What to do — Extract the records in full, leaving every picture out.

Source material —
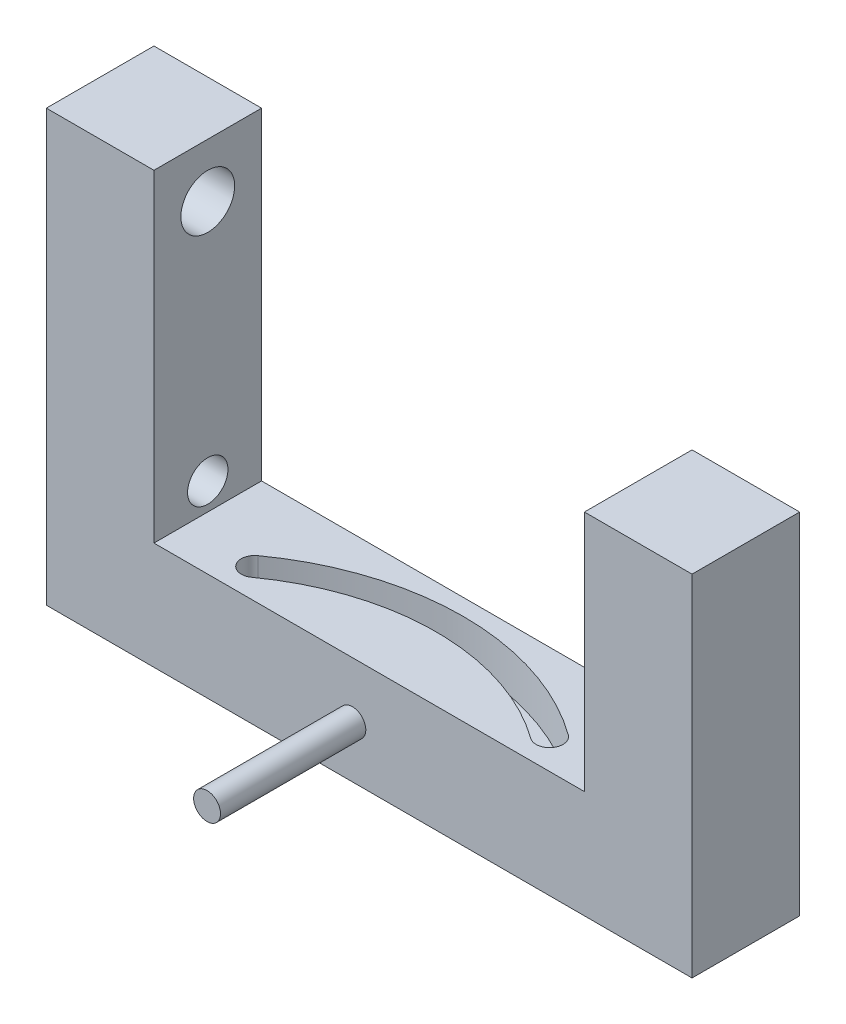
from build123d import *

# Parameters (mm, degrees)
BOSS_EXTRUDE1_DEPTH = 25.4
CUT_EXTRUDE1_REACH  = 369.204
SKETCH2_R           = 12.7
SKETCH3_R           = 9.525
CUT_EXTRUDE2_DEPTH  = 50.8
SKETCH4_R           = 6.35
BOSS_EXTRUDE2_DEPTH = 68.58
CUT_EXTRUDE3_DEPTH  = 19.05


with BuildPart() as part:
    # Sketch1 → Boss-Extrude1 (new, symmetric)
    with BuildSketch(Plane.XY):
        Polygon((0, 0), (0, 203.2), (50.8, 203.2), (50.8, 50.8), (254, 50.8), (254, 165.1), (304.8, 165.1), (304.8, 0), align=None)
    extrude(amount=BOSS_EXTRUDE1_DEPTH, both=True)

    # Sketch2 → Cut-Extrude1 (cut, up to next)
    with BuildSketch(Plane.ZY, mode=Mode.PRIVATE) as cut_extrude1_sk1:
        with Locations((0, 177.8)):
            Circle(SKETCH2_R)
    cut_extrude1_tool1 = extrude(cut_extrude1_sk1.sketch, amount=-CUT_EXTRUDE1_REACH, mode=Mode.PRIVATE) & part.part
    add(cut_extrude1_tool1.solids().sort_by_distance((0, 177.8, 0))[0], mode=Mode.SUBTRACT)

    # Sketch3 → Cut-Extrude2 (cut)
    with BuildSketch(Plane.ZY):
        with Locations((0, 63.5)):
            Circle(SKETCH3_R)
    extrude(amount=-CUT_EXTRUDE2_DEPTH, mode=Mode.SUBTRACT)

    # Sketch4 → Boss-Extrude2 (add)
    with BuildSketch(Plane.XY.offset(25.4)):
        with Locations(Location((144.449989541, 24.404106045, 0), (0, 0, 180))):
            Circle(SKETCH4_R)
    extrude(amount=BOSS_EXTRUDE2_DEPTH)

    # Sketch5 → Cut-Extrude3 (cut)
    with BuildSketch(Plane(origin=(0, 50.8, 0), x_dir=(1, 0, 0), z_dir=(0, 1, 0))):
        with BuildLine():
            ThreePointArc((227.02055062, -6.025839331), (153.726793571, 17.638579798), (80.433036521, -6.025839331))
            ThreePointArc((80.433036521, -6.025839331), (78.995330638, -14.890262707), (87.859754015, -16.32796859))
            ThreePointArc((87.859754015, -16.32796859), (153.726793571, 4.938579798), (219.593833127, -16.32796859))
            ThreePointArc((219.593833127, -16.32796859), (228.458256503, -14.890262707), (227.02055062, -6.025839331))
        make_face()
    extrude(amount=-CUT_EXTRUDE3_DEPTH, mode=Mode.SUBTRACT)


solid = part.part

Output of the task —
from build123d import *

# Parameters (mm, degrees)
BOSS_EXTRUDE1_DEPTH = 25.4
CUT_EXTRUDE1_REACH  = 369.204
SKETCH2_R           = 12.7
SKETCH3_R           = 9.525
CUT_EXTRUDE2_DEPTH  = 50.8
SKETCH4_R           = 6.35
BOSS_EXTRUDE2_DEPTH = 68.58
CUT_EXTRUDE3_DEPTH  = 19.05


with BuildPart() as part:
    # Sketch1 → Boss-Extrude1 (new, symmetric)
    with BuildSketch(Plane.XY):
        Polygon((0, 0), (0, 203.2), (50.8, 203.2), (50.8, 50.8), (254, 50.8), (254, 165.1), (304.8, 165.1), (304.8, 0), align=None)
    extrude(amount=BOSS_EXTRUDE1_DEPTH, both=True)

    # Sketch2 → Cut-Extrude1 (cut, up to next)
    with BuildSketch(Plane.ZY, mode=Mode.PRIVATE) as cut_extrude1_sk1:
        with Locations((0, 177.8)):
            Circle(SKETCH2_R)
    cut_extrude1_tool1 = extrude(cut_extrude1_sk1.sketch, amount=-CUT_EXTRUDE1_REACH, mode=Mode.PRIVATE) & part.part
    add(cut_extrude1_tool1.solids().sort_by_distance((0, 177.8, 0))[0], mode=Mode.SUBTRACT)

    # Sketch3 → Cut-Extrude2 (cut)
    with BuildSketch(Plane.ZY):
        with Locations((0, 63.5)):
            Circle(SKETCH3_R)
    extrude(amount=-CUT_EXTRUDE2_DEPTH, mode=Mode.SUBTRACT)

    # Sketch4 → Boss-Extrude2 (add)
    with BuildSketch(Plane.XY.offset(25.4)):
        with Locations(Location((144.449989541, 24.404106045, 0), (0, 0, 180))):
            Circle(SKETCH4_R)
    extrude(amount=BOSS_EXTRUDE2_DEPTH)

    # Sketch5 → Cut-Extrude3 (cut)
    with BuildSketch(Plane(origin=(0, 50.8, 0), x_dir=(1, 0, 0), z_dir=(0, 1, 0))):
        with BuildLine():
            ThreePointArc((227.02055062, -6.025839331), (153.726793571, 17.638579798), (80.433036521, -6.025839331))
            ThreePointArc((80.433036521, -6.025839331), (78.995330638, -14.890262707), (87.859754015, -16.32796859))
            ThreePointArc((87.859754015, -16.32796859), (153.726793571, 4.938579798), (219.593833127, -16.32796859))
            ThreePointArc((219.593833127, -16.32796859), (228.458256503, -14.890262707), (227.02055062, -6.025839331))
        make_face()
    extrude(amount=-CUT_EXTRUDE3_DEPTH, mode=Mode.SUBTRACT)


solid = part.part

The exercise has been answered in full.